WORK ITEM ::
For the data below, give the number of lines that include the word "height" and nothing else.

┏━━

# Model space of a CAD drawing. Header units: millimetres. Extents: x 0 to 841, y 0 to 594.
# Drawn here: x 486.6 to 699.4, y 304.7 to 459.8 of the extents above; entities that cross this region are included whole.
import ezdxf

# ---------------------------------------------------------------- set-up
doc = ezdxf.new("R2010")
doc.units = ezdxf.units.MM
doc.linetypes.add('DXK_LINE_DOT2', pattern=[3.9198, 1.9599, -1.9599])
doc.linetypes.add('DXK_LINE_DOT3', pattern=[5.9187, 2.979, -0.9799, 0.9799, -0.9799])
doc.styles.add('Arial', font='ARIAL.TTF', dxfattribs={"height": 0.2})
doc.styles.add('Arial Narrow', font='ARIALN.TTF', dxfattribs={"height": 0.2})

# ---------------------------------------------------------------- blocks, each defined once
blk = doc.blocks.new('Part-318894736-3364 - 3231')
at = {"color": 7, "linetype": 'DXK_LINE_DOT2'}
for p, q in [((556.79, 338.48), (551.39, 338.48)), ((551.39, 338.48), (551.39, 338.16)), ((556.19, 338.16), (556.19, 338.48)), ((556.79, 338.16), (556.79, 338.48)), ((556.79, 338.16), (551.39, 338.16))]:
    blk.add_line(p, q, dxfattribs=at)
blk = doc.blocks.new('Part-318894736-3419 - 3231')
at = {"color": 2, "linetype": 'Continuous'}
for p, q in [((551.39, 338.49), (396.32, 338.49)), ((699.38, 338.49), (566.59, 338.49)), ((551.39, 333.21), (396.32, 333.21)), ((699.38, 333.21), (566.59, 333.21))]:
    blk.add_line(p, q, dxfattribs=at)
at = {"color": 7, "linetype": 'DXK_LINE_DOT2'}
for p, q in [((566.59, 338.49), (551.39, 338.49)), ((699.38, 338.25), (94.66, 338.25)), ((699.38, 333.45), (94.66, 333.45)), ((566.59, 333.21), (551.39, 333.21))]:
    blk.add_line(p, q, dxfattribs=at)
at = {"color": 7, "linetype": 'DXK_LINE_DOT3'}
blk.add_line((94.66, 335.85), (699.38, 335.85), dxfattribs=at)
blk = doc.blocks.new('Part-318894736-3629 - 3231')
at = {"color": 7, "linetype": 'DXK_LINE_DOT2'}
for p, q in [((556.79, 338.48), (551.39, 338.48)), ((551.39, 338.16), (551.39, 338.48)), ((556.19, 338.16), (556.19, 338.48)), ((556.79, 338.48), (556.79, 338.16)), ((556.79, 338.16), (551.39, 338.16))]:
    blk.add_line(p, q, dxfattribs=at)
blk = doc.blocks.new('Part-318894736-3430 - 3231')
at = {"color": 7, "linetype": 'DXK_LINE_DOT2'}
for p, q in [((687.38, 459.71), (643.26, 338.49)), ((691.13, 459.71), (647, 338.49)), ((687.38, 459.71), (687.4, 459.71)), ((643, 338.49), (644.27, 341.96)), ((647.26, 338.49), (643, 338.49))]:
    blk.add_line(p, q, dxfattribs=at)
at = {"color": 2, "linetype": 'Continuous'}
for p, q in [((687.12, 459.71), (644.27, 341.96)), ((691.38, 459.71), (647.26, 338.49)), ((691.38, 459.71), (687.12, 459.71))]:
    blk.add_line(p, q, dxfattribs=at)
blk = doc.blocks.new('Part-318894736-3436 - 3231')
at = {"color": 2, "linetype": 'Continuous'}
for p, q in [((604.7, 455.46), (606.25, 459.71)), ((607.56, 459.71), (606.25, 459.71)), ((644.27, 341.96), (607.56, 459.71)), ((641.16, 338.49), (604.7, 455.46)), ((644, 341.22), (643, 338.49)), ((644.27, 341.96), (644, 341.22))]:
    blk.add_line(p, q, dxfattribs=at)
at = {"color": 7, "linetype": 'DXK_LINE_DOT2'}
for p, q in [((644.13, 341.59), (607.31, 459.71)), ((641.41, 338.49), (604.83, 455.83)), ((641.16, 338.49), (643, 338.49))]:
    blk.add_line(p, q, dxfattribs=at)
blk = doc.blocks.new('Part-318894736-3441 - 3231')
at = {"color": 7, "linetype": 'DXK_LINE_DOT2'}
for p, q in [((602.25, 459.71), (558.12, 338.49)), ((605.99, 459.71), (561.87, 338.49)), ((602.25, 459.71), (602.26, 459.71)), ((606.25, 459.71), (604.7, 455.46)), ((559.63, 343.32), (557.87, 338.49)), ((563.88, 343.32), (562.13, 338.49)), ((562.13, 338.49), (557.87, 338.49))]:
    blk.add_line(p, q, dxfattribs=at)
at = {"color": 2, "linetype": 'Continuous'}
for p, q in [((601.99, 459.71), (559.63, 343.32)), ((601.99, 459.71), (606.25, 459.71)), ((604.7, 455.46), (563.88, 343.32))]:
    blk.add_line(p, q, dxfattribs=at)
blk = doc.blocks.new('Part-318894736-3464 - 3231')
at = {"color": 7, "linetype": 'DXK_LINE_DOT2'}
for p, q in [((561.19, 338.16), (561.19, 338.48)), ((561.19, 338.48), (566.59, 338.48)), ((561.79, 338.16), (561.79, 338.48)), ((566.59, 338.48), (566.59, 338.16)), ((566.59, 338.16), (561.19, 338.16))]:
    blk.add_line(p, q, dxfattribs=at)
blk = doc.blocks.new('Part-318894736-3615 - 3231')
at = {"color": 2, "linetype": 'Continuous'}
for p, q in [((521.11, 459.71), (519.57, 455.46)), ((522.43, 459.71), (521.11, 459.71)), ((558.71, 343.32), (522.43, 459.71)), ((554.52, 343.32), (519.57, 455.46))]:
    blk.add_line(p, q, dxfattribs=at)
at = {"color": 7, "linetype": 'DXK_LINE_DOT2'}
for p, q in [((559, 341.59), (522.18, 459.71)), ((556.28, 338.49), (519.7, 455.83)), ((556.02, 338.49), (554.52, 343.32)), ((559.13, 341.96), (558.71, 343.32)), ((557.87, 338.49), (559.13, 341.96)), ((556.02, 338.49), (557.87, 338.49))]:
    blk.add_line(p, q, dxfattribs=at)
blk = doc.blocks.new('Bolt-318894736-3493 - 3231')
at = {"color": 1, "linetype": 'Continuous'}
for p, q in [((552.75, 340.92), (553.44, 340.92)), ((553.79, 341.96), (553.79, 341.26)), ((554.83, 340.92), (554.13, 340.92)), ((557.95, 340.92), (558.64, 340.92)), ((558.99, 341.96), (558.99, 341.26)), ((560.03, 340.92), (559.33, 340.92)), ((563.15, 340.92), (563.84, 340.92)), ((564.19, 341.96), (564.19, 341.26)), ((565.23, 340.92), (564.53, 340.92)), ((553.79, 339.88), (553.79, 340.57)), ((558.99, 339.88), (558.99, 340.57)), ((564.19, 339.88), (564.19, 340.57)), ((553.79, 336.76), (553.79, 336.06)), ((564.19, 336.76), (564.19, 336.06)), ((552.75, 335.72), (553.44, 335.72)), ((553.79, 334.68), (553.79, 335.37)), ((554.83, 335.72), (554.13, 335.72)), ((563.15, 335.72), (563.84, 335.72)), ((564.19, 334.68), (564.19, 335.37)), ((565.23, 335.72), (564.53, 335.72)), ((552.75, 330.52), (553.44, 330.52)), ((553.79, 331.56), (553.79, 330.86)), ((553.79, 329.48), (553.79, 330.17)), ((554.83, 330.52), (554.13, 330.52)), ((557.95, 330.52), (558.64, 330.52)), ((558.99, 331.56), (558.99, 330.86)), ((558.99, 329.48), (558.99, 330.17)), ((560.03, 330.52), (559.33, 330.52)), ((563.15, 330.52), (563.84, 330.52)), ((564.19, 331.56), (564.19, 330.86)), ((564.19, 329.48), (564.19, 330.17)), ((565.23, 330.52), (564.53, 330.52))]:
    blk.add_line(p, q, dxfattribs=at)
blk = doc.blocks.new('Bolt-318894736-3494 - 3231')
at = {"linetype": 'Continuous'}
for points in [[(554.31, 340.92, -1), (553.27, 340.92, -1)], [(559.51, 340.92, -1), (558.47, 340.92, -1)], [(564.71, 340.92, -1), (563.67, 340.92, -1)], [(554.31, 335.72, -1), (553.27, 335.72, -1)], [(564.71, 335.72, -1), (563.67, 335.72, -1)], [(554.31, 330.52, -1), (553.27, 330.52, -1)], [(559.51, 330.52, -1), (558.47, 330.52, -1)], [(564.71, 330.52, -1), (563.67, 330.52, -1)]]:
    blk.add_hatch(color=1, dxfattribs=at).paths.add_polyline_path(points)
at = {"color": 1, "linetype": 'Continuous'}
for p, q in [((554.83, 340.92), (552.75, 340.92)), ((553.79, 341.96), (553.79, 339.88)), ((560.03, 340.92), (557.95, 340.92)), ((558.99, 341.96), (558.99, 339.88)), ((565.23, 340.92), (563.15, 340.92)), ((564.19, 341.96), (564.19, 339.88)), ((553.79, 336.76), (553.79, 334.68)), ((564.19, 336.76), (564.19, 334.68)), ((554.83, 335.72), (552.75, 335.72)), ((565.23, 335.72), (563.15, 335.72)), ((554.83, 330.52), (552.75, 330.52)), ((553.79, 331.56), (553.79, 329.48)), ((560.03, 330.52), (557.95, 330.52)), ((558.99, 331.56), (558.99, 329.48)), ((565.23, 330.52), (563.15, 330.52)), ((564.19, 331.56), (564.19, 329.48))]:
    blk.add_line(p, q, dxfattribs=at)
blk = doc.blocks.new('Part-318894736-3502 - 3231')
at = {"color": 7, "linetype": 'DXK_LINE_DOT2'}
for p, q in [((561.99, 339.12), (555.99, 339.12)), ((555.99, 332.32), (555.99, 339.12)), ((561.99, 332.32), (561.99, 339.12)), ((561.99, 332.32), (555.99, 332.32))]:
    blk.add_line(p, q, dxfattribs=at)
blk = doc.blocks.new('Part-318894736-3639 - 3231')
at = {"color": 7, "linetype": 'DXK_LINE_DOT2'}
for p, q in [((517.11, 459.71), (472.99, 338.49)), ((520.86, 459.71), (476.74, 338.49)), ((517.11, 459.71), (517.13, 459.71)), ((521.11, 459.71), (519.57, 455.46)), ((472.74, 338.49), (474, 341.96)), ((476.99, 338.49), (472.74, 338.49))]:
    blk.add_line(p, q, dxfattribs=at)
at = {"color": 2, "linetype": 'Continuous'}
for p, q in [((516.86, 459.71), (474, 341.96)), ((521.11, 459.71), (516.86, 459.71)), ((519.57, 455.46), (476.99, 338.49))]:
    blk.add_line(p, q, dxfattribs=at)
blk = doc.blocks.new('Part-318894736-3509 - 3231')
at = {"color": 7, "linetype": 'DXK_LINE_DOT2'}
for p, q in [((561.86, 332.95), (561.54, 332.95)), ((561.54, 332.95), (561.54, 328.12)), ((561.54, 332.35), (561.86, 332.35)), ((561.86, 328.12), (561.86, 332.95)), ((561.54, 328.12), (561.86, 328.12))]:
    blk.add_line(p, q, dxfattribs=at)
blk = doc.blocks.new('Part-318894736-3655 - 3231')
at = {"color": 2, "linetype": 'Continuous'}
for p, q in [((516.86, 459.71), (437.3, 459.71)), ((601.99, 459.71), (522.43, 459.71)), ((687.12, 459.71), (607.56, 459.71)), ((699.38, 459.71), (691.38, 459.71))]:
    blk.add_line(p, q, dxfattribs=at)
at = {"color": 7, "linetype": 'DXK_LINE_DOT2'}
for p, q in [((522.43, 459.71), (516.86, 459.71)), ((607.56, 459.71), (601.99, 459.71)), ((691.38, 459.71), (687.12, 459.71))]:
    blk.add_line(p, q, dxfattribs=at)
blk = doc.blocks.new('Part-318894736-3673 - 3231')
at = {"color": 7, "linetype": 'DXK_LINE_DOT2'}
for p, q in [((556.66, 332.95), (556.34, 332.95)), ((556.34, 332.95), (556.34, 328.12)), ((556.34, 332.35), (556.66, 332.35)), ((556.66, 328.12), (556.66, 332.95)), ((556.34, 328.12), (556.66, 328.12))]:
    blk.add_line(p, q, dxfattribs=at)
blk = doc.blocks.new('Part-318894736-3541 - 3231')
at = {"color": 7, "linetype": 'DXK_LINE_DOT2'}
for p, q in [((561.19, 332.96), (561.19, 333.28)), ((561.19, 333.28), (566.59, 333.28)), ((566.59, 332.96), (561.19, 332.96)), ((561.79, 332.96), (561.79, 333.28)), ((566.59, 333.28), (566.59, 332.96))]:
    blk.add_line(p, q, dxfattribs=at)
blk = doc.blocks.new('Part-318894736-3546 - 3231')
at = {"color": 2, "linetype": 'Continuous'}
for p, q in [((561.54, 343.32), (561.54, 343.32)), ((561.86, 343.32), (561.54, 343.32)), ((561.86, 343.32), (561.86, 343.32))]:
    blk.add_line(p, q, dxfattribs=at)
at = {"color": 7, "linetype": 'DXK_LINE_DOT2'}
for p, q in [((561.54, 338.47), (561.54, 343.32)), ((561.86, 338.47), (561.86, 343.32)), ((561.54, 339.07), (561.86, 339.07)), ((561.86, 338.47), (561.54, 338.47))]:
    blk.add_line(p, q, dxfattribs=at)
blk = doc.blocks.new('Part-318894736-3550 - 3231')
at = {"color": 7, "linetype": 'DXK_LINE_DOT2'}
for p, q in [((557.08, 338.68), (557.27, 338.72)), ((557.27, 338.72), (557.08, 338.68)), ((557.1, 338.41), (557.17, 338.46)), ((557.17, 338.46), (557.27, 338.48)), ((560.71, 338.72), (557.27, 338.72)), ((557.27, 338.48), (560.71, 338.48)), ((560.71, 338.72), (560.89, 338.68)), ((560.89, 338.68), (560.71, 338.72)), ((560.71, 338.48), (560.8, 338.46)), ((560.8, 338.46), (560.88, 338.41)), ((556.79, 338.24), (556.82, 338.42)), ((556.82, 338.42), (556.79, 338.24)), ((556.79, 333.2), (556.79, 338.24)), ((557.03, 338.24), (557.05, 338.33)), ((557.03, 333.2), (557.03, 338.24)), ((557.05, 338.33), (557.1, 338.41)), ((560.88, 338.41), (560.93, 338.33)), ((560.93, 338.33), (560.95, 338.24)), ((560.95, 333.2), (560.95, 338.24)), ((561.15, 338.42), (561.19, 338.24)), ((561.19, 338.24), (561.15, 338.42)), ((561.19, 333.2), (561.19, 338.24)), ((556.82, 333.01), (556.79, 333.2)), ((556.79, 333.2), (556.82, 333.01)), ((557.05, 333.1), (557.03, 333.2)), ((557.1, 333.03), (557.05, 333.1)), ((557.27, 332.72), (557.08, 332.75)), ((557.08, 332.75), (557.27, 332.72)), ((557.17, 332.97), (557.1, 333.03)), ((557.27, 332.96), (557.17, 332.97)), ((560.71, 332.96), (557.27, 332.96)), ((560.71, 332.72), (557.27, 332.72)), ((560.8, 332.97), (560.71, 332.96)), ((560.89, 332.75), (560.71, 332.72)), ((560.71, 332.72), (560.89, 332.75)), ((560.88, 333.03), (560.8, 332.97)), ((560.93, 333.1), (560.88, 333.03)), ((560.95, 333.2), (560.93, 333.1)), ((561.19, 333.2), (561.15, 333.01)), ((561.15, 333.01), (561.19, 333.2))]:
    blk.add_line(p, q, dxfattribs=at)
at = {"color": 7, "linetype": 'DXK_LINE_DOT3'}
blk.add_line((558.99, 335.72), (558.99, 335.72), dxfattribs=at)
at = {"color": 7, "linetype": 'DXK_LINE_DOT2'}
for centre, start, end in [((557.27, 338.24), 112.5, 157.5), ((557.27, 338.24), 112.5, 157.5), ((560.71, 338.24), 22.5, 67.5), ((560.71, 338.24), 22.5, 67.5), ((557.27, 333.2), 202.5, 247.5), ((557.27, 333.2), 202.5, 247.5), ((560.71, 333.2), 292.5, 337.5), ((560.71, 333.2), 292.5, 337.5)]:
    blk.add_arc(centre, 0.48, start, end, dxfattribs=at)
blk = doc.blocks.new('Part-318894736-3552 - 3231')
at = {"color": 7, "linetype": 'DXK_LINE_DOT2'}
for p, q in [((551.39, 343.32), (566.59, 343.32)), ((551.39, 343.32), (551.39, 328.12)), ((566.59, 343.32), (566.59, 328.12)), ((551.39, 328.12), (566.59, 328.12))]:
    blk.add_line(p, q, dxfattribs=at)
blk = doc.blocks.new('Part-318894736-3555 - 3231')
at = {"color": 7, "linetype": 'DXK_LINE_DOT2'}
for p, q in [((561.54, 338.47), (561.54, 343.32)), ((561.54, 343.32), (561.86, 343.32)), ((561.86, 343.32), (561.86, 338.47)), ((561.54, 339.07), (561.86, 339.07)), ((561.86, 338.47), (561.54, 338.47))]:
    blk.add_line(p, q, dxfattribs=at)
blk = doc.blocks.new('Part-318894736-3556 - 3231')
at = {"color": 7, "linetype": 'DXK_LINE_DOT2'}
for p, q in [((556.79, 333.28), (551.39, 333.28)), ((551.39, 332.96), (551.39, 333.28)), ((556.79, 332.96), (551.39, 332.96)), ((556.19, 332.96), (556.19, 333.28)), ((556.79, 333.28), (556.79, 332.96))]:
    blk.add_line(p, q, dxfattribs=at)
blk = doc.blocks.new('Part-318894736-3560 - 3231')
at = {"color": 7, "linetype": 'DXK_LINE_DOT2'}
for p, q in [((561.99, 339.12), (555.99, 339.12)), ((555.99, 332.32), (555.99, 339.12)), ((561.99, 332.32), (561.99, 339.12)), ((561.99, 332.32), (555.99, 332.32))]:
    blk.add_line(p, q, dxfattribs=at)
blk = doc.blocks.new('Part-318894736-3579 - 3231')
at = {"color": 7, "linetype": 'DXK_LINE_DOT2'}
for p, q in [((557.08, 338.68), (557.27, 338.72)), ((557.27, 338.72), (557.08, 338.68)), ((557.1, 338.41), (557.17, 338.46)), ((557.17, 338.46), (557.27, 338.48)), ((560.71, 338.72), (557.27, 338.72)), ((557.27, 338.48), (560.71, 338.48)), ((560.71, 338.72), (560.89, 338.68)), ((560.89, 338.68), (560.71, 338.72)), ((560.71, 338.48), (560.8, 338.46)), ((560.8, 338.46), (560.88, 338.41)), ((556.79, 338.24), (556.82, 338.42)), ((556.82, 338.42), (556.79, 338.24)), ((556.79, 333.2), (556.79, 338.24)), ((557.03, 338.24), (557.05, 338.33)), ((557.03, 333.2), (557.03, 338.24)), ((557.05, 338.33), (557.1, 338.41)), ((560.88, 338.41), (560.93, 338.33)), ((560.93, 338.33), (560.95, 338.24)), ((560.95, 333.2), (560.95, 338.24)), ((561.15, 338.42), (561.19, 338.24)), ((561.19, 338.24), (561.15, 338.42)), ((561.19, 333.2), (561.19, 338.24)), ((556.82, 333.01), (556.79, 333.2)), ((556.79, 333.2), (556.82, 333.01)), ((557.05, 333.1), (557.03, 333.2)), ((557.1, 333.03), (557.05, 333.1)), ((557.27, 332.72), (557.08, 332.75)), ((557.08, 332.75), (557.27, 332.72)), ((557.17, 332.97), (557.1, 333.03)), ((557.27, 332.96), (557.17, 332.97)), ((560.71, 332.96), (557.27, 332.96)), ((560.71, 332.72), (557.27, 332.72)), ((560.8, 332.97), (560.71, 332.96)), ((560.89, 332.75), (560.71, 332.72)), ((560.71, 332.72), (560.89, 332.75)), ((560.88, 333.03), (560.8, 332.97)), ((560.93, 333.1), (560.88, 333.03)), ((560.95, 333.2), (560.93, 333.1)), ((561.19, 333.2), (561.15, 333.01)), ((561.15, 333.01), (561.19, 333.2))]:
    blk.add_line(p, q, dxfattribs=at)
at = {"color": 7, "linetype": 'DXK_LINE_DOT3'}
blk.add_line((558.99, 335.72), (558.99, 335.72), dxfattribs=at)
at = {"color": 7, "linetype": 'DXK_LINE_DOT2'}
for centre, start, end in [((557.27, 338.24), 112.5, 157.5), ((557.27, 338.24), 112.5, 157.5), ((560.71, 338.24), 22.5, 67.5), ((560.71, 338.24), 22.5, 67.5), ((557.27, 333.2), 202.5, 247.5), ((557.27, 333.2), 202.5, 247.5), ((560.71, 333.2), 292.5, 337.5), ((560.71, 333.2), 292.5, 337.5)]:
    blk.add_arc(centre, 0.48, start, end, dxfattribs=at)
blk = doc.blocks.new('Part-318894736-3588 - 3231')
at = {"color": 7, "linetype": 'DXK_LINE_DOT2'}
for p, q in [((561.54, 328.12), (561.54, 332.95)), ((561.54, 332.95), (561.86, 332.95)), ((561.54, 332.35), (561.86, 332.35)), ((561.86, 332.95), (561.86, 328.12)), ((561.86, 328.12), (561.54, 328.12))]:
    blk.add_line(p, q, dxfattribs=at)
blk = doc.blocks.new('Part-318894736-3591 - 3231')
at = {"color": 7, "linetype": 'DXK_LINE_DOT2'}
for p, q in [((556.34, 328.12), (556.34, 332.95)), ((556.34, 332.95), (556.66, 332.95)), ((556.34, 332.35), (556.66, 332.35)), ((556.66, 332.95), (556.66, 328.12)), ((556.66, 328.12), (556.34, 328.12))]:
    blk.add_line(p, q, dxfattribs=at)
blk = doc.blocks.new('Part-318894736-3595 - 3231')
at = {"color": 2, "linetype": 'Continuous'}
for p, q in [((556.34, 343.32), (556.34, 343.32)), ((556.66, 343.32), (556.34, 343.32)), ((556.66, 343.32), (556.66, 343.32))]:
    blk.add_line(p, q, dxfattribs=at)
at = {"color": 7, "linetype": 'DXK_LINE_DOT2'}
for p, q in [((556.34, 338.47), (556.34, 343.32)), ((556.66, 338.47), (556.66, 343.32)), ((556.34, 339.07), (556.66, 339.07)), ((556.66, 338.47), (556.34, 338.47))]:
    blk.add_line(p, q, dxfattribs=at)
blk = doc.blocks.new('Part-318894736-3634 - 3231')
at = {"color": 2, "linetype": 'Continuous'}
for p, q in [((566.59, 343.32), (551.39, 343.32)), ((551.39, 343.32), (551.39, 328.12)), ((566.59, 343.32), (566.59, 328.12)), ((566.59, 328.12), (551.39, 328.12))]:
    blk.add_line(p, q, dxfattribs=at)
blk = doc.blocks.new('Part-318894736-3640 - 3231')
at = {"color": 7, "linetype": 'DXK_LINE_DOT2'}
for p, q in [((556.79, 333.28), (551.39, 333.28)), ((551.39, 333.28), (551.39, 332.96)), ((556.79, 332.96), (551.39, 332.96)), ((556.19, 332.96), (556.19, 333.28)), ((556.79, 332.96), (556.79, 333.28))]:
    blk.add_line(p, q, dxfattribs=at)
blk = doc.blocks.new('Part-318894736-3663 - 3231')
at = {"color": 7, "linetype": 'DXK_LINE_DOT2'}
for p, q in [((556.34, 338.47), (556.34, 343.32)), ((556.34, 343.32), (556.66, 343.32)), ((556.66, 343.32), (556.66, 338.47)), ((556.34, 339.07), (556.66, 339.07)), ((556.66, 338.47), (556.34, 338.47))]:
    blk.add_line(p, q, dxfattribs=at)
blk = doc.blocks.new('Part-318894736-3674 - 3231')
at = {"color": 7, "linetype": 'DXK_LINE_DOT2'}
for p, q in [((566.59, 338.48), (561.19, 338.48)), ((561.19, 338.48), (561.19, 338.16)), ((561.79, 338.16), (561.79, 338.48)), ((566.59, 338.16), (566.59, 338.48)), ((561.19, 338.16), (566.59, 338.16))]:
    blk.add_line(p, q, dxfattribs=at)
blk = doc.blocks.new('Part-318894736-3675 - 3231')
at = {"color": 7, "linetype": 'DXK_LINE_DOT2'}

┗━━

FINISHED TASK ::
2